Simulations of Hydrogen Dispersion from Fuel Cell Vehicles' Leakages Inside Full-scale Tunnel
Abstract
In this work, real scale experiments involving hydrogen dispersion inside a road tunnel have been modelled using the Computational Fluid Dynamics (CFD) methodology. The aim is to assess the performance of the ADREA-HF CFD tool against full-scale tunnel dispersion data resulting from high-pressure hydrogen leakage through Thermal Pressure Relief Device (TPRD) of a vehicle. The assessment was performed with the help of experiments conducted by the French Alternative Energies and Atomic Energy Commission (CEA) in a real inclined tunnel in France. In the experiments, helium as hydrogen surrogate has been released from 200 bar storage pressure. Several tests were carried out examining different TPRD sizes and release directions (upwards and downwards). For the CFD evaluation two tests were considered: one with downwards and one with upwards release, both through a TPRD with a diameter of 2 mm.
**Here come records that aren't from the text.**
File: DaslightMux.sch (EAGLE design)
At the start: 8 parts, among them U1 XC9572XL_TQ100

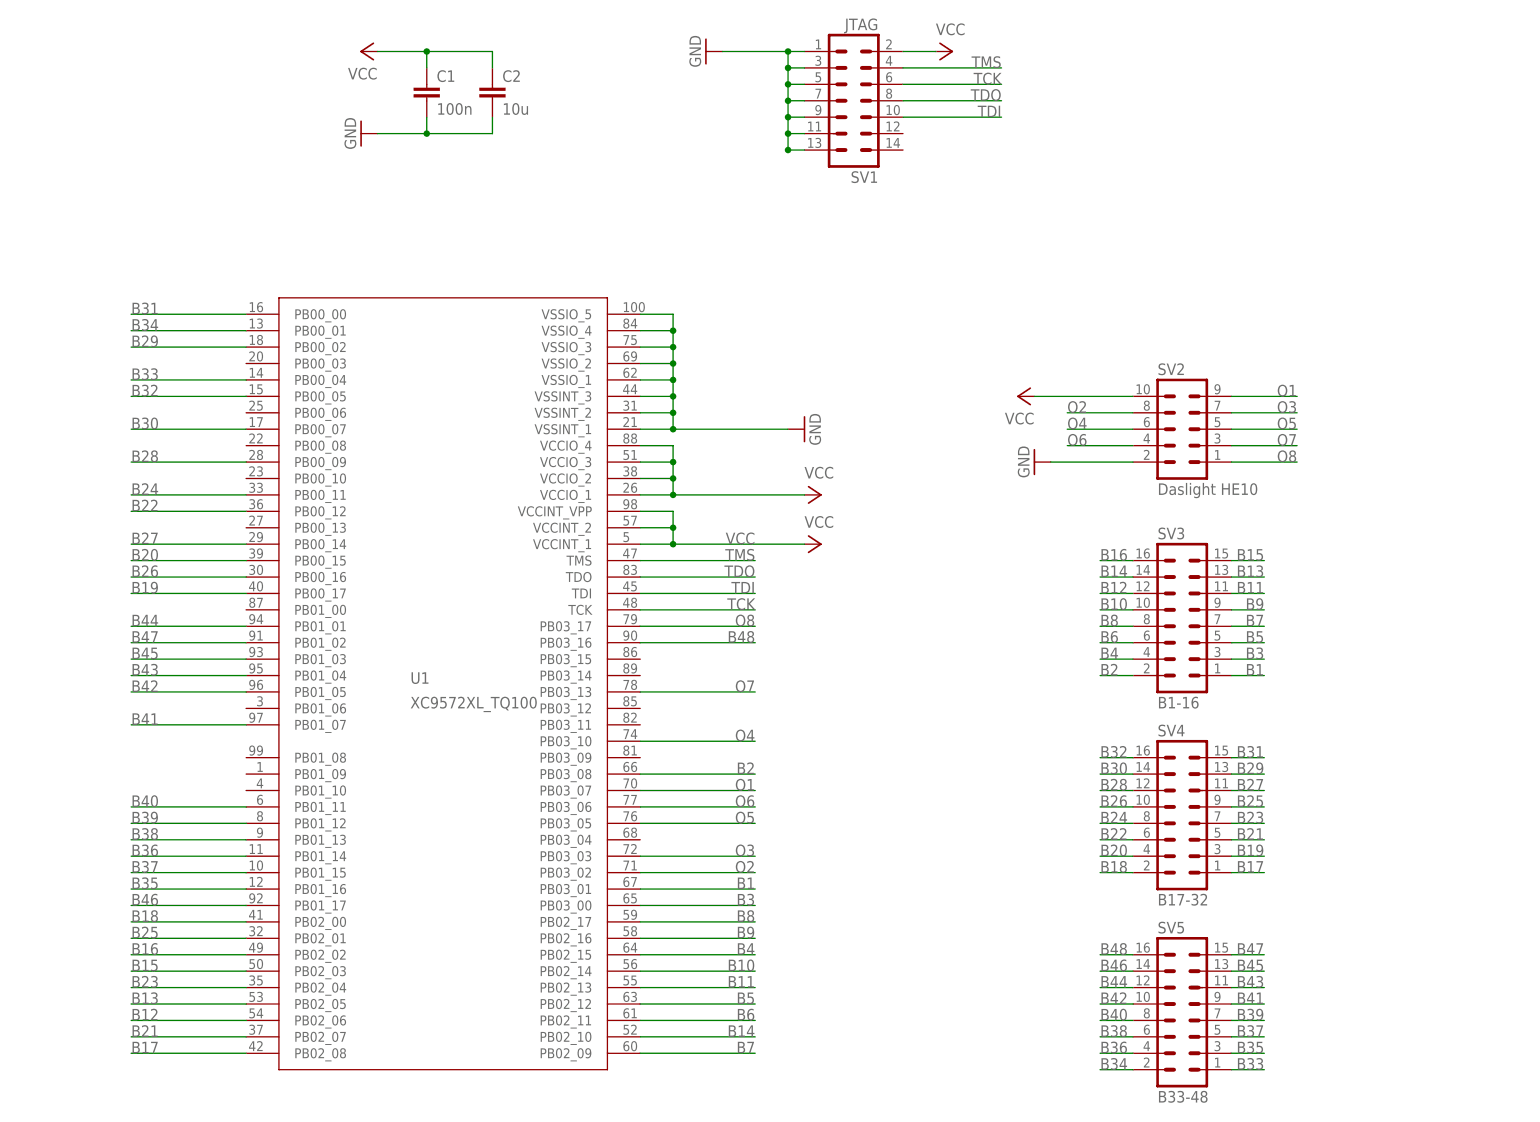
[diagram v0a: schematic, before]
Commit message: Cleanup, enclosure.
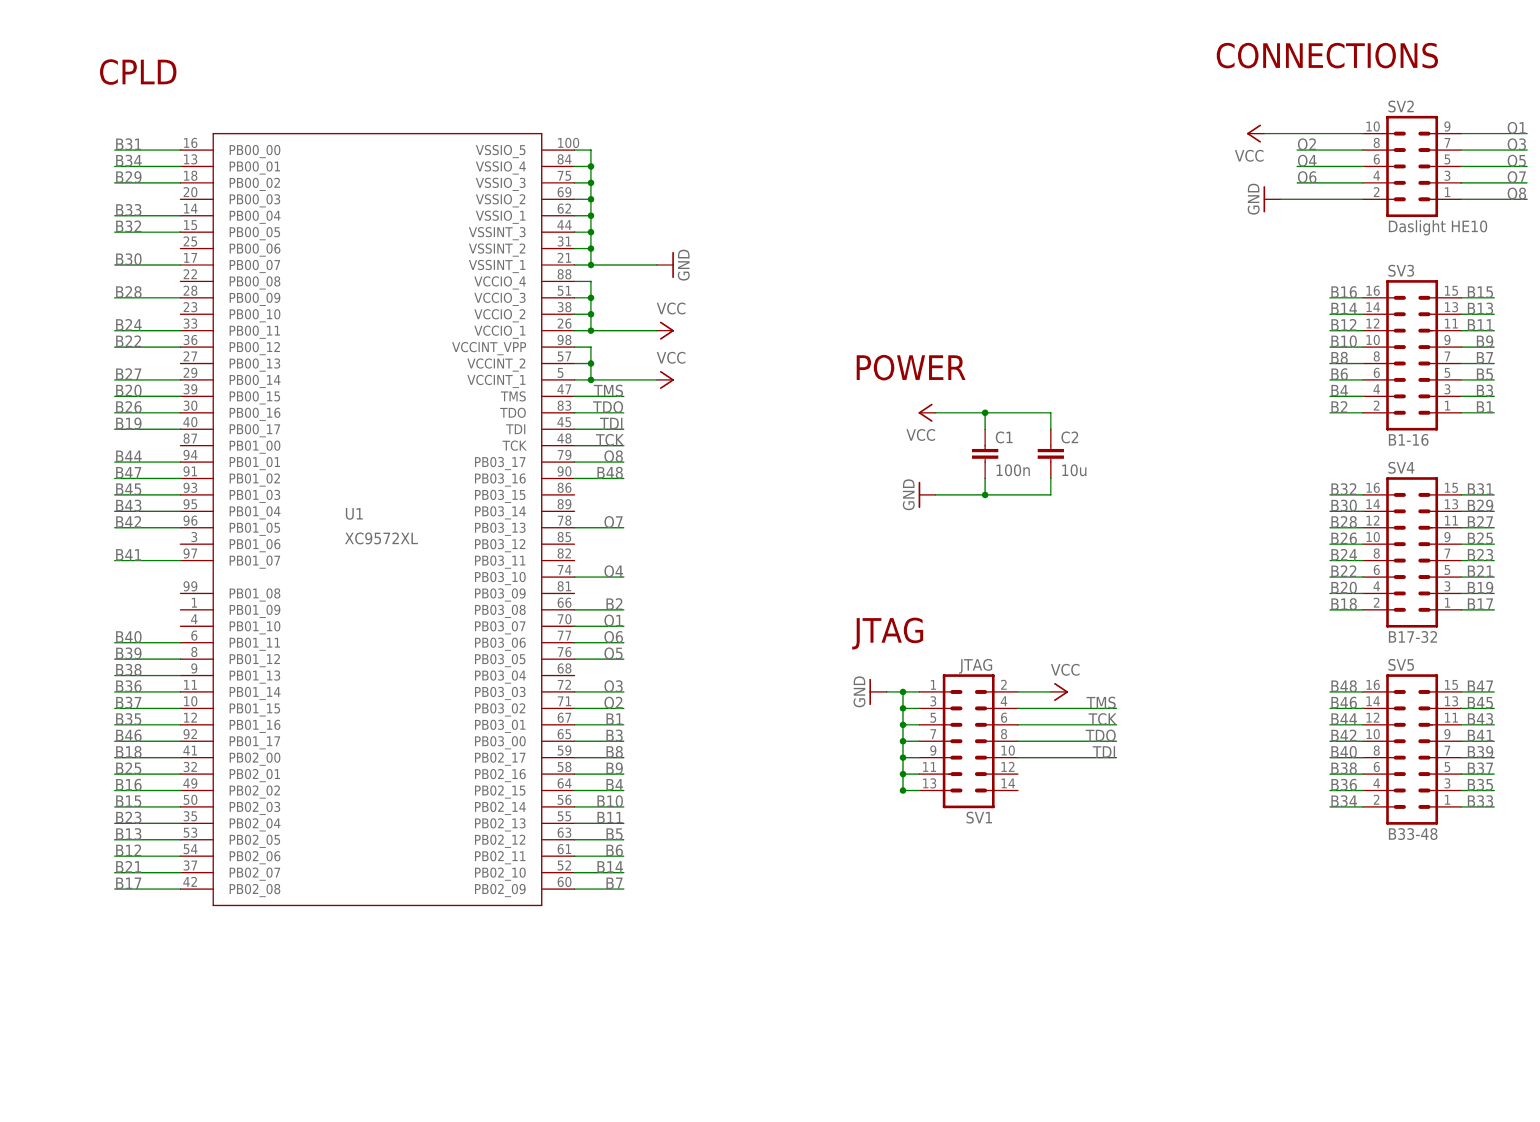
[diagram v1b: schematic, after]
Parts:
- U1: value XC9572XL_TQ100 -> XC9572XL
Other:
- note added: "CONNECTIONS"
- note added: "CPLD"
- note added: "JTAG"
- note added: "POWER"
- moved on the sheet: C1, C2, SV1, SV2, SV3, SV4, SV5, U1

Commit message: Schematic & enclosure
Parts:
- added EXT_VCC, GND: LSP10, solpad:LSP10
- added SJ1: (no value), jumper:SJ2W
- SV2: value Daslight HE10 -> HE10
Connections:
- new net N$1: SJ1.1, SV2.10
- new net N$2: EXT_VCC.MP, SJ1.3
- net GND: now also GND.MP
- net VCC: now also SJ1.2; no longer SV2.10
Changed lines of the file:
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@@
 <part name="GND2" library="supply1" deviceset="GND" device=""/>
 <part name="P+3" library="supply1" deviceset="VCC" device=""/>
-<part name="SV2" library="con-harting-ml" deviceset="ML10" device="" value="Daslight HE10"/>
+<part name="SV2" library="con-harting-ml" deviceset="ML10" device="" value="HE10"/>
 <part name="GND3" library="supply1" deviceset="GND" device=""/>
-<part name="P+4" library="supply1" deviceset="VCC" device=""/>
 <part name="SV3" library="con-harting-ml" deviceset="ML16" device="" value="B1-16"/>
 <part name="SV4" library="con-harting-ml" deviceset="ML16" device="" value="B17-32"/>
@@
 <part name="P+5" library="supply1" deviceset="VCC" device=""/>
 <part name="FRAME1" library="frames" deviceset="A4L-LOC" device="" value="Daslight MUX"/>
+<part name="SJ1" library="jumper" deviceset="SJ2W" device=""/>
+<part name="P+6" library="supply1" deviceset="VCC" device=""/>
+<part name="EXT_VCC" library="solpad" deviceset="LSP10" device=""/>
+<part name="GND" library="solpad" deviceset="LSP10" device=""/>
+<part name="GND5" library="supply1" deviceset="GND" device=""/>
 </parts>
 <sheets>
@@
 <instance part="SV2" gate="G$1" x="226.06" y="142.24"/>
 <instance part="GND3" gate="1" x="203.2" y="137.16" rot="R270"/>
-<instance part="P+4" gate="VCC" x="200.66" y="147.32" rot="R90"/>
 <instance part="SV3" gate="1" x="226.06" y="114.3"/>
 <instance part="SV4" gate="1" x="226.06" y="83.82"/>
@@
 <instance part="P+5" gate="VCC" x="149.86" y="104.14" rot="R90"/>
 <instance part="FRAME1" gate="G$1" x="0" y="0"/>
+<instance part="SJ1" gate="G$1" x="187.96" y="147.32" rot="R270"/>
+<instance part="P+6" gate="VCC" x="187.96" y="157.48"/>
+<instance part="EXT_VCC" gate="1" x="170.18" y="147.32" rot="R90"/>
+<instance part="GND" gate="1" x="170.18" y="142.24" rot="R90"/>
+<instance part="GND5" gate="1" x="175.26" y="142.24" rot="R90"/>
 </instances>
 <busses>
@@
 <junction x="160.02" y="91.44"/>
 </segment>
+<segment>
+<pinref part="GND" gate="1" pin="MP"/>
+<pinref part="GND5" gate="1" pin="GND"/>
+</segment>
 </net>
 <net name="TMS" class="0">
@@
 </segment>
 <segment>
-<pinref part="SV2" gate="G$1" pin="10"/>
-<pinref part="P+4" gate="VCC" pin="VCC"/>
-<wire x1="203.2" y1="147.32" x2="218.44" y2="147.32" width="0.1524" layer="91"/>
-</segment>
-<segment>
 <pinref part="P+5" gate="VCC" pin="VCC"/>
 <pinref part="C1" gate="G$1" pin="1"/>
@@
 <junction x="160.02" y="104.14"/>
 </segment>
+<segment>
+<pinref part="SJ1" gate="G$1" pin="2"/>
+<pinref part="P+6" gate="VCC" pin="VCC"/>
+<wire x1="187.96" y1="154.94" x2="187.96" y2="152.4" width="0.1524" layer="91"/>
+</segment>
 </net>
 <net name="B40" class="0">
@@
 </segment>
 </net>
+<net name="N$1" class="0">
+<segment>
+<pinref part="SV2" gate="G$1" pin="10"/>
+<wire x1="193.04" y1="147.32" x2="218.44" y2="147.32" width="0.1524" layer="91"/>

The comparison between the CFD results and the experiments shows the good predictive capabilities of the ADREA-HF code that can be used as a safety tool in hydrogen dispersion studies. The comparison reveals some of the strengths and weaknesses of both the CFD and the experiments. It is made clear that CFD can contribute to the design of the experiments and to the interpretation of the experimental results.